Monday, 4 April 2011


His chilly lips hard closing at the sight,
His every member grueing with delight,
At once by tokens manifest he spies
That they are here,

I thought you'd like a little bit of Hartley Coleridge's translation of Statius, it being Monday and all. Not that it's a good poem or anything like that, but it does contain a very late (1847) instance of the verb grue. Grue meant shudder and people used to grue a lot back in the Middle Ages, especially if they were Scottish or Northern. Indeed, most examples of the word grue are taken from incomprehensibly Scottish historical texts, which is why I chose Coleridge.

Modern Southerners never grue. In fact, modern Southerners are so damned tough that most of us don't even know the meaning of the word grue, which is odd as we all know the meaning of the word gruesome.
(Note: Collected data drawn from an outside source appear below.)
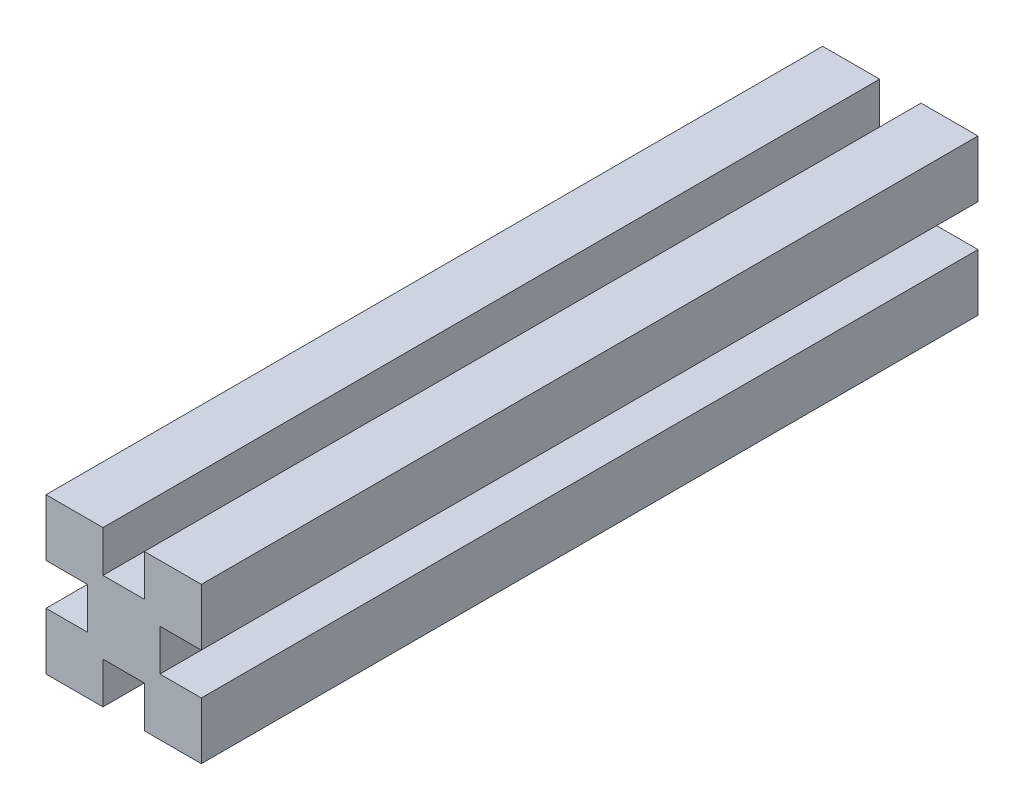
ISO-10303-21;
HEADER;
FILE_DESCRIPTION(('STEP AP214'),'2;1');
FILE_NAME('part.step','',(''),(''),'','','');
FILE_SCHEMA(('AUTOMOTIVE_DESIGN { 1 0 10303 214 1 1 1 1 }'));
ENDSEC;
DATA;
#1=APPLICATION_CONTEXT('core data for automotive mechanical design processes');
#2=APPLICATION_PROTOCOL_DEFINITION('international standard','automotive_design',2000,#1);
#3=PRODUCT_CONTEXT('',#1,'mechanical');
#4=PRODUCT('Part','Part','',(#3));
#5=PRODUCT_RELATED_PRODUCT_CATEGORY('part','',(#4));
#6=PRODUCT_DEFINITION_FORMATION('','',#4);
#7=PRODUCT_DEFINITION_CONTEXT('part definition',#1,'design');
#8=PRODUCT_DEFINITION('design','',#6,#7);
#9=PRODUCT_DEFINITION_SHAPE('','',#8);
#10=(LENGTH_UNIT() NAMED_UNIT(*) SI_UNIT(.MILLI.,.METRE.));
#11=(NAMED_UNIT(*) PLANE_ANGLE_UNIT() SI_UNIT($,.RADIAN.));
#12=(NAMED_UNIT(*) SI_UNIT($,.STERADIAN.) SOLID_ANGLE_UNIT());
#13=UNCERTAINTY_MEASURE_WITH_UNIT(LENGTH_MEASURE(1.E-05),#10,'distance_accuracy_value','');
#14=(GEOMETRIC_REPRESENTATION_CONTEXT(3) GLOBAL_UNCERTAINTY_ASSIGNED_CONTEXT((#13)) GLOBAL_UNIT_ASSIGNED_CONTEXT((#10,
#11,#12)) REPRESENTATION_CONTEXT('',''));
#15=CARTESIAN_POINT('',(0.,0.,0.));
#16=DIRECTION('',(0.,0.,1.));
#17=DIRECTION('',(1.,0.,0.));
#18=AXIS2_PLACEMENT_3D('',#15,#16,#17);
#19=CARTESIAN_POINT('',(-4.,-7.,75.));
#20=DIRECTION('',(-1.,0.,0.));
#21=DIRECTION('',(0.,0.,1.));
#22=AXIS2_PLACEMENT_3D('',#19,#20,#21);
#23=PLANE('',#22);
#24=DIRECTION('',(0.,1.,0.));
#25=VECTOR('',#24,1.);
#26=CARTESIAN_POINT('',(-4.,0.,75.));
#27=LINE('',#26,#25);
#28=CARTESIAN_POINT('',(-4.,-15.,75.));
#29=VERTEX_POINT('',#28);
#30=CARTESIAN_POINT('',(-4.,-7.,75.));
#31=VERTEX_POINT('',#30);
#32=EDGE_CURVE('E223',#29,#31,#27,.T.);
#33=ORIENTED_EDGE('',*,*,#32,.F.);
#34=DIRECTION('',(0.,0.,-1.));
#35=VECTOR('',#34,1.);
#36=CARTESIAN_POINT('',(-4.,-15.,-75.));
#37=LINE('',#36,#35);
#38=CARTESIAN_POINT('',(-4.,-15.,-75.));
#39=VERTEX_POINT('',#38);
#40=EDGE_CURVE('E160',#39,#29,#37,.F.);
#41=ORIENTED_EDGE('',*,*,#40,.F.);
#42=DIRECTION('',(0.,1.,0.));
#43=VECTOR('',#42,1.);
#44=CARTESIAN_POINT('',(-4.,0.,-75.));
#45=LINE('',#44,#43);
#46=CARTESIAN_POINT('',(-4.,-7.,-75.));
#47=VERTEX_POINT('',#46);
#48=EDGE_CURVE('E157',#39,#47,#45,.T.);
#49=ORIENTED_EDGE('',*,*,#48,.T.);
#50=DIRECTION('',(0.,0.,1.));
#51=VECTOR('',#50,1.);
#52=CARTESIAN_POINT('',(-4.,-7.,75.));
#53=LINE('',#52,#51);
#54=EDGE_CURVE('E20',#47,#31,#53,.T.);
#55=ORIENTED_EDGE('',*,*,#54,.T.);
#56=EDGE_LOOP('',(#33,#41,#49,#55));
#57=FACE_BOUND('',#56,.T.);
#58=ADVANCED_FACE('F17',(#57),#23,.F.);
#59=CARTESIAN_POINT('',(4.,-7.,75.));
#60=DIRECTION('',(0.,1.,0.));
#61=DIRECTION('',(0.,0.,1.));
#62=AXIS2_PLACEMENT_3D('',#59,#60,#61);
#63=PLANE('',#62);
#64=DIRECTION('',(1.,0.,0.));
#65=VECTOR('',#64,1.);
#66=CARTESIAN_POINT('',(0.,-7.,75.));
#67=LINE('',#66,#65);
#68=CARTESIAN_POINT('',(4.,-7.,75.));
#69=VERTEX_POINT('',#68);
#70=EDGE_CURVE('E167',#31,#69,#67,.T.);
#71=ORIENTED_EDGE('',*,*,#70,.F.);
#72=ORIENTED_EDGE('',*,*,#54,.F.);
#73=DIRECTION('',(1.,0.,0.));
#74=VECTOR('',#73,1.);
#75=CARTESIAN_POINT('',(0.,-7.,-75.));
#76=LINE('',#75,#74);
#77=CARTESIAN_POINT('',(4.,-7.,-75.));
#78=VERTEX_POINT('',#77);
#79=EDGE_CURVE('E152',#47,#78,#76,.T.);
#80=ORIENTED_EDGE('',*,*,#79,.T.);
#81=DIRECTION('',(0.,0.,-1.));
#82=VECTOR('',#81,1.);
#83=CARTESIAN_POINT('',(4.,-7.,75.));
#84=LINE('',#83,#82);
#85=EDGE_CURVE('E169',#78,#69,#84,.F.);
#86=ORIENTED_EDGE('',*,*,#85,.T.);
#87=EDGE_LOOP('',(#71,#72,#80,#86));
#88=FACE_BOUND('',#87,.T.);
#89=ADVANCED_FACE('F165',(#88),#63,.F.);
#90=CARTESIAN_POINT('',(4.,-15.,75.));
#91=DIRECTION('',(1.,0.,0.));
#92=DIRECTION('',(0.,0.,-1.));
#93=AXIS2_PLACEMENT_3D('',#90,#91,#92);
#94=PLANE('',#93);
#95=DIRECTION('',(0.,1.,0.));
#96=VECTOR('',#95,1.);
#97=CARTESIAN_POINT('',(4.,0.,75.));
#98=LINE('',#97,#96);
#99=CARTESIAN_POINT('',(4.,-15.,75.));
#100=VERTEX_POINT('',#99);
#101=EDGE_CURVE('E215',#69,#100,#98,.F.);
#102=ORIENTED_EDGE('',*,*,#101,.F.);
#103=ORIENTED_EDGE('',*,*,#85,.F.);
#104=DIRECTION('',(0.,1.,0.));
#105=VECTOR('',#104,1.);
#106=CARTESIAN_POINT('',(4.,0.,-75.));
#107=LINE('',#106,#105);
#108=CARTESIAN_POINT('',(4.,-15.,-75.));
#109=VERTEX_POINT('',#108);
#110=EDGE_CURVE('E174',#78,#109,#107,.F.);
#111=ORIENTED_EDGE('',*,*,#110,.T.);
#112=DIRECTION('',(0.,0.,-1.));
#113=VECTOR('',#112,1.);
#114=CARTESIAN_POINT('',(4.,-15.,-75.));
#115=LINE('',#114,#113);
#116=EDGE_CURVE('E210',#100,#109,#115,.T.);
#117=ORIENTED_EDGE('',*,*,#116,.F.);
#118=EDGE_LOOP('',(#102,#103,#111,#117));
#119=FACE_BOUND('',#118,.T.);
#120=ADVANCED_FACE('F216',(#119),#94,.F.);
#121=CARTESIAN_POINT('',(-15.,-15.,-75.));
#122=DIRECTION('',(0.,-1.,0.));
#123=DIRECTION('',(0.,0.,-1.));
#124=AXIS2_PLACEMENT_3D('',#121,#122,#123);
#125=PLANE('',#124);
#126=DIRECTION('',(1.,0.,0.));
#127=VECTOR('',#126,1.);
#128=CARTESIAN_POINT('',(0.,-15.,75.));
#129=LINE('',#128,#127);
#130=CARTESIAN_POINT('',(15.,-15.,75.));
#131=VERTEX_POINT('',#130);
#132=EDGE_CURVE('E219',#100,#131,#129,.T.);
#133=ORIENTED_EDGE('',*,*,#132,.F.);
#134=ORIENTED_EDGE('',*,*,#116,.T.);
#135=DIRECTION('',(1.,0.,0.));
#136=VECTOR('',#135,1.);
#137=CARTESIAN_POINT('',(0.,-15.,-75.));
#138=LINE('',#137,#136);
#139=CARTESIAN_POINT('',(15.,-15.,-75.));
#140=VERTEX_POINT('',#139);
#141=EDGE_CURVE('E176',#109,#140,#138,.T.);
#142=ORIENTED_EDGE('',*,*,#141,.T.);
#143=DIRECTION('',(0.,0.,-1.));
#144=VECTOR('',#143,1.);
#145=CARTESIAN_POINT('',(15.,-15.,-75.));
#146=LINE('',#145,#144);
#147=EDGE_CURVE('E207',#131,#140,#146,.T.);
#148=ORIENTED_EDGE('',*,*,#147,.F.);
#149=EDGE_LOOP('',(#133,#134,#142,#148));
#150=FACE_BOUND('',#149,.T.);
#151=ADVANCED_FACE('F259',(#150),#125,.T.);
#152=CARTESIAN_POINT('',(15.,-15.,-75.));
#153=DIRECTION('',(1.,0.,0.));
#154=DIRECTION('',(0.,0.,-1.));
#155=AXIS2_PLACEMENT_3D('',#152,#153,#154);
#156=PLANE('',#155);
#157=DIRECTION('',(0.,1.,0.));
#158=VECTOR('',#157,1.);
#159=CARTESIAN_POINT('',(15.,0.,-75.));
#160=LINE('',#159,#158);
#161=CARTESIAN_POINT('',(15.,-4.,-75.));
#162=VERTEX_POINT('',#161);
#163=EDGE_CURVE('E257',#140,#162,#160,.T.);
#164=ORIENTED_EDGE('',*,*,#163,.T.);
#165=DIRECTION('',(0.,0.,-1.));
#166=VECTOR('',#165,1.);
#167=CARTESIAN_POINT('',(15.,-4.,75.));
#168=LINE('',#167,#166);
#169=CARTESIAN_POINT('',(15.,-4.,75.));
#170=VERTEX_POINT('',#169);
#171=EDGE_CURVE('E205',#162,#170,#168,.F.);
#172=ORIENTED_EDGE('',*,*,#171,.T.);
#173=DIRECTION('',(0.,1.,0.));
#174=VECTOR('',#173,1.);
#175=CARTESIAN_POINT('',(15.,0.,75.));
#176=LINE('',#175,#174);
#177=EDGE_CURVE('E266',#131,#170,#176,.T.);
#178=ORIENTED_EDGE('',*,*,#177,.F.);
#179=ORIENTED_EDGE('',*,*,#147,.T.);
#180=EDGE_LOOP('',(#164,#172,#178,#179));
#181=FACE_BOUND('',#180,.T.);
#182=ADVANCED_FACE('F263',(#181),#156,.T.);
#183=CARTESIAN_POINT('',(7.,-4.,75.));
#184=DIRECTION('',(0.,-1.,0.));
#185=DIRECTION('',(0.,0.,-1.));
#186=AXIS2_PLACEMENT_3D('',#183,#184,#185);
#187=PLANE('',#186);
#188=DIRECTION('',(1.,0.,0.));
#189=VECTOR('',#188,1.);
#190=CARTESIAN_POINT('',(0.,-4.,75.));
#191=LINE('',#190,#189);
#192=CARTESIAN_POINT('',(7.,-4.,75.));
#193=VERTEX_POINT('',#192);
#194=EDGE_CURVE('E284',#170,#193,#191,.F.);
#195=ORIENTED_EDGE('',*,*,#194,.F.);
#196=ORIENTED_EDGE('',*,*,#171,.F.);
#197=DIRECTION('',(1.,0.,0.));
#198=VECTOR('',#197,1.);
#199=CARTESIAN_POINT('',(0.,-4.,-75.));
#200=LINE('',#199,#198);
#201=CARTESIAN_POINT('',(7.,-4.,-75.));
#202=VERTEX_POINT('',#201);
#203=EDGE_CURVE('E255',#162,#202,#200,.F.);
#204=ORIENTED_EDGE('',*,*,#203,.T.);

For more fun with fossil words like gormless, feckless, ruthless and reckless, click here.


  1. I am a modern southerner and, henceforth, I will grue!

  2. We weren't allowed to use gormless as children as it wasn't Proper English. Chambers gives gaum or gorm as dialect meaning understanding etc with gormless as stupid,witless. I would have thought gormless was whatever the opposite of dialect is by now. Do tell us Inky when you have a moment and if it doesn't make you grue is there some process of canonisation when a word goes from dialect to English.
    PS weather is gruesome

  3. Old-school adventure gamers will remember the Infocom Zork games, where the loss of a light source produced warnings of imminent attack by a grue. Such an attack was inevitably fatal.